> **DATA EXCERPTS**
== Segment start ==

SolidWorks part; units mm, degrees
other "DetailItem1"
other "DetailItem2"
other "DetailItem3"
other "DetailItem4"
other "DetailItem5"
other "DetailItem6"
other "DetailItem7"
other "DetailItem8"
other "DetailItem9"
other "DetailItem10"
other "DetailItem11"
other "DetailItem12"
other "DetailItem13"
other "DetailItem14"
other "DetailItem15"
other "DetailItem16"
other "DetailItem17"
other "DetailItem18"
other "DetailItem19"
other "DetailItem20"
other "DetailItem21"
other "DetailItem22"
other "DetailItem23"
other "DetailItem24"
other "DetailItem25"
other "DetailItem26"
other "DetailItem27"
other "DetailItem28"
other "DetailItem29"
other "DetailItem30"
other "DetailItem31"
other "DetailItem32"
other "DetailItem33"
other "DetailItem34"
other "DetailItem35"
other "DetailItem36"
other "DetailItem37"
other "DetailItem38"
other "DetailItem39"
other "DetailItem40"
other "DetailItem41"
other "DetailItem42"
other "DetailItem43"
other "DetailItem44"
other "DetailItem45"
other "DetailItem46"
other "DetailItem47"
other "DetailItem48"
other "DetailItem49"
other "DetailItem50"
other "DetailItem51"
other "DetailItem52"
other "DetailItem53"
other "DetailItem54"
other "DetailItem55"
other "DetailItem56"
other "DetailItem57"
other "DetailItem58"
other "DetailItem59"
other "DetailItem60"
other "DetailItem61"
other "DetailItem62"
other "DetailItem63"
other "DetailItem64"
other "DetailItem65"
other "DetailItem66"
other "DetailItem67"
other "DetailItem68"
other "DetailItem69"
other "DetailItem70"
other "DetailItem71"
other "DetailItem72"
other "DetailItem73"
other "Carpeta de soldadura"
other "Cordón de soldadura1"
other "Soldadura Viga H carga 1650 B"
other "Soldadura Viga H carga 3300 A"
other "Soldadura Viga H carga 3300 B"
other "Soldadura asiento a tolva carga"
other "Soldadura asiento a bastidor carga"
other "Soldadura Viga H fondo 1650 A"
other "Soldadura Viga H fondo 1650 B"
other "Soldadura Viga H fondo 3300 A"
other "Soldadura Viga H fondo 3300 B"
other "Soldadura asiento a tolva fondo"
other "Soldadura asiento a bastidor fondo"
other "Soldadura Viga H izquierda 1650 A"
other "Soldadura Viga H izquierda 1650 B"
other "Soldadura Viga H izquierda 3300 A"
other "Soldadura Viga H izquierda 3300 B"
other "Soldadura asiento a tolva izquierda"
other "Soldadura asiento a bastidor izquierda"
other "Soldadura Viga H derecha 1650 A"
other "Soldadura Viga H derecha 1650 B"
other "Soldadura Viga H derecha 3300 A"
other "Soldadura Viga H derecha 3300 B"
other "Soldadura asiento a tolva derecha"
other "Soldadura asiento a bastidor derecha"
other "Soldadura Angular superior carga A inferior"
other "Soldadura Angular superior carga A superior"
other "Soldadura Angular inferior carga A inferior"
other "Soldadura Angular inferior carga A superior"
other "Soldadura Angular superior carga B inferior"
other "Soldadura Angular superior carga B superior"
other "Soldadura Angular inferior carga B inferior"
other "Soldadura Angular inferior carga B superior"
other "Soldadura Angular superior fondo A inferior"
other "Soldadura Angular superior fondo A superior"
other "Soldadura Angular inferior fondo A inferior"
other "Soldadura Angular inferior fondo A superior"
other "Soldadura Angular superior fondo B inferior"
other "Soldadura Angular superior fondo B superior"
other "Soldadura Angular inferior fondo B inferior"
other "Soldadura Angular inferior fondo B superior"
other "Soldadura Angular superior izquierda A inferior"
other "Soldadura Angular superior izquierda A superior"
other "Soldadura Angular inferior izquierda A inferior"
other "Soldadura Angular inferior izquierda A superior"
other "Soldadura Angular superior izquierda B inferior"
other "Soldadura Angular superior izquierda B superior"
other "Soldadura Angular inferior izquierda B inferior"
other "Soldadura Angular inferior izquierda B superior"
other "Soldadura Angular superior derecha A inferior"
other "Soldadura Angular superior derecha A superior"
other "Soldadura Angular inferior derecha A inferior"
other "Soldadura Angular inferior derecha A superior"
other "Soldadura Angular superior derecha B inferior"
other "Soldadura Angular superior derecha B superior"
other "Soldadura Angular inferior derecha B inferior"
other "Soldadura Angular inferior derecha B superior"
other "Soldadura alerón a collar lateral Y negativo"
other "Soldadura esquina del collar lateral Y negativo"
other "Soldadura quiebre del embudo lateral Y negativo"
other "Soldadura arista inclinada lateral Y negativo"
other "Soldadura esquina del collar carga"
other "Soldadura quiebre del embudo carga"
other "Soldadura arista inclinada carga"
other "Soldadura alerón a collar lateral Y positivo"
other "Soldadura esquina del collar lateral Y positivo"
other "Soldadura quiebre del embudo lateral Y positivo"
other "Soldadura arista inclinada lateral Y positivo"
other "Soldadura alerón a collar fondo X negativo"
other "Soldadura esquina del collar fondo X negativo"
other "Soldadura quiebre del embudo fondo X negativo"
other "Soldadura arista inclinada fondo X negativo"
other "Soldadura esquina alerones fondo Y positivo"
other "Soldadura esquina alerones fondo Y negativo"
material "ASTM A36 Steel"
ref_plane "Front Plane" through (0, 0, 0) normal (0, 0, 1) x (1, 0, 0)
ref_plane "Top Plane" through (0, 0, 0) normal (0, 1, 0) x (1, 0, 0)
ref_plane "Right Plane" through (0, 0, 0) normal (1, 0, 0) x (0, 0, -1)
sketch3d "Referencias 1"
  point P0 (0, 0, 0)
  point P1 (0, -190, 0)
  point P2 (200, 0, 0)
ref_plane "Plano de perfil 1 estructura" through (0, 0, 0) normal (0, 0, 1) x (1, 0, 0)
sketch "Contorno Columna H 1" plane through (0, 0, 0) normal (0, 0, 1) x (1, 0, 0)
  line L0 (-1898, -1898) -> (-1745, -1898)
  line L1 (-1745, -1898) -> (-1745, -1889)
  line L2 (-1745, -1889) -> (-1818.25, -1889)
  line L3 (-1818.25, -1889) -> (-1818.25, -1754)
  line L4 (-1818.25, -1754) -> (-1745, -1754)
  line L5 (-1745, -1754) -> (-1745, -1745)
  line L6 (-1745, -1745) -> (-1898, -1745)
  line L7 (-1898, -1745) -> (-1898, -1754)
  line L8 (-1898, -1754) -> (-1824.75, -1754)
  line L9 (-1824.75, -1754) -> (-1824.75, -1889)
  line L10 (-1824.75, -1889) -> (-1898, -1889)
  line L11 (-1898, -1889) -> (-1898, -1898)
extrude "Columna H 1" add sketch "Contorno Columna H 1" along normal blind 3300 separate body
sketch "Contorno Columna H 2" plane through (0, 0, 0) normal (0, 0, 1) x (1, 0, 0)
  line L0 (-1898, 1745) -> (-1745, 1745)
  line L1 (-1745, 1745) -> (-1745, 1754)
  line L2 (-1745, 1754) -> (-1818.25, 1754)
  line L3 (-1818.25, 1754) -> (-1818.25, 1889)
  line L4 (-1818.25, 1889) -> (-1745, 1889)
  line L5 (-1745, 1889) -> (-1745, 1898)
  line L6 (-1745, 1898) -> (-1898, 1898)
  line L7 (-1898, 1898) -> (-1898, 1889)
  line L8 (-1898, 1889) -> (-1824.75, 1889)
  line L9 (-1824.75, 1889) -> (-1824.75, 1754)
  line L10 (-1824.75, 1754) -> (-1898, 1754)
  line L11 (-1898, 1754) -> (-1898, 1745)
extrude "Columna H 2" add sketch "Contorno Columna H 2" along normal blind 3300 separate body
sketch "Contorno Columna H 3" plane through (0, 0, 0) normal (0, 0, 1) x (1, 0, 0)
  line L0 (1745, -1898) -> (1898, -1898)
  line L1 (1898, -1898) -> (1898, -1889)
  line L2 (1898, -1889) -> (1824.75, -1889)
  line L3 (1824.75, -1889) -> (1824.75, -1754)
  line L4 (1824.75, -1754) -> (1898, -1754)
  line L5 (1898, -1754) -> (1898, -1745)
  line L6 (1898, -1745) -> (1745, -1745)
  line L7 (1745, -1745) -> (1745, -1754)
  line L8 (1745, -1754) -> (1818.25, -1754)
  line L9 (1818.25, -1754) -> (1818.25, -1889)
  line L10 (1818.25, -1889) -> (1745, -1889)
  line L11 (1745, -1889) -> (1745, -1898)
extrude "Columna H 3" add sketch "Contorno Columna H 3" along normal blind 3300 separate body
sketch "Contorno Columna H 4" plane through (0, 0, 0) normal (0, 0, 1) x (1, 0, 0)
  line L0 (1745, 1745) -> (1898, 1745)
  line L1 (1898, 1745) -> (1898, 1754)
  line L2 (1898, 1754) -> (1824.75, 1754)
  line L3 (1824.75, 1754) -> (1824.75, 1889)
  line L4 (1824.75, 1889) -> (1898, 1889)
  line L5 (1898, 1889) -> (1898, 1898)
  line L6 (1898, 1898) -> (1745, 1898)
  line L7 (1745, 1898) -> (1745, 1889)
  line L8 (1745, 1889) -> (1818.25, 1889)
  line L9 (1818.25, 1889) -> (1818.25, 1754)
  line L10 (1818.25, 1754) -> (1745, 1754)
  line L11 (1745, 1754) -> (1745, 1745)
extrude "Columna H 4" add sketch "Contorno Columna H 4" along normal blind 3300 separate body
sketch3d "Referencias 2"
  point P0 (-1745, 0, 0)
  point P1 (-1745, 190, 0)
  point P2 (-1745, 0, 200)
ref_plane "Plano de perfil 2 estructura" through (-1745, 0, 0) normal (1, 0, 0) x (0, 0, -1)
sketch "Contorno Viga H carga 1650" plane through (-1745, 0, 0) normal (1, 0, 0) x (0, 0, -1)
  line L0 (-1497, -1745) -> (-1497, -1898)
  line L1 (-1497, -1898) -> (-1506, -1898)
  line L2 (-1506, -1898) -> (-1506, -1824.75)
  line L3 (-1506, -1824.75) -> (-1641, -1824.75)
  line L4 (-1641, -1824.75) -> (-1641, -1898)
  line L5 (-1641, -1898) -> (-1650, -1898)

== Segment end ==

Every line from the data above that contains "asiento" must appear in the answer.

other "Soldadura asiento a tolva carga"
other "Soldadura asiento a bastidor carga"
other "Soldadura asiento a tolva fondo"
other "Soldadura asiento a bastidor fondo"
other "Soldadura asiento a tolva izquierda"
other "Soldadura asiento a bastidor izquierda"
other "Soldadura asiento a tolva derecha"
other "Soldadura asiento a bastidor derecha"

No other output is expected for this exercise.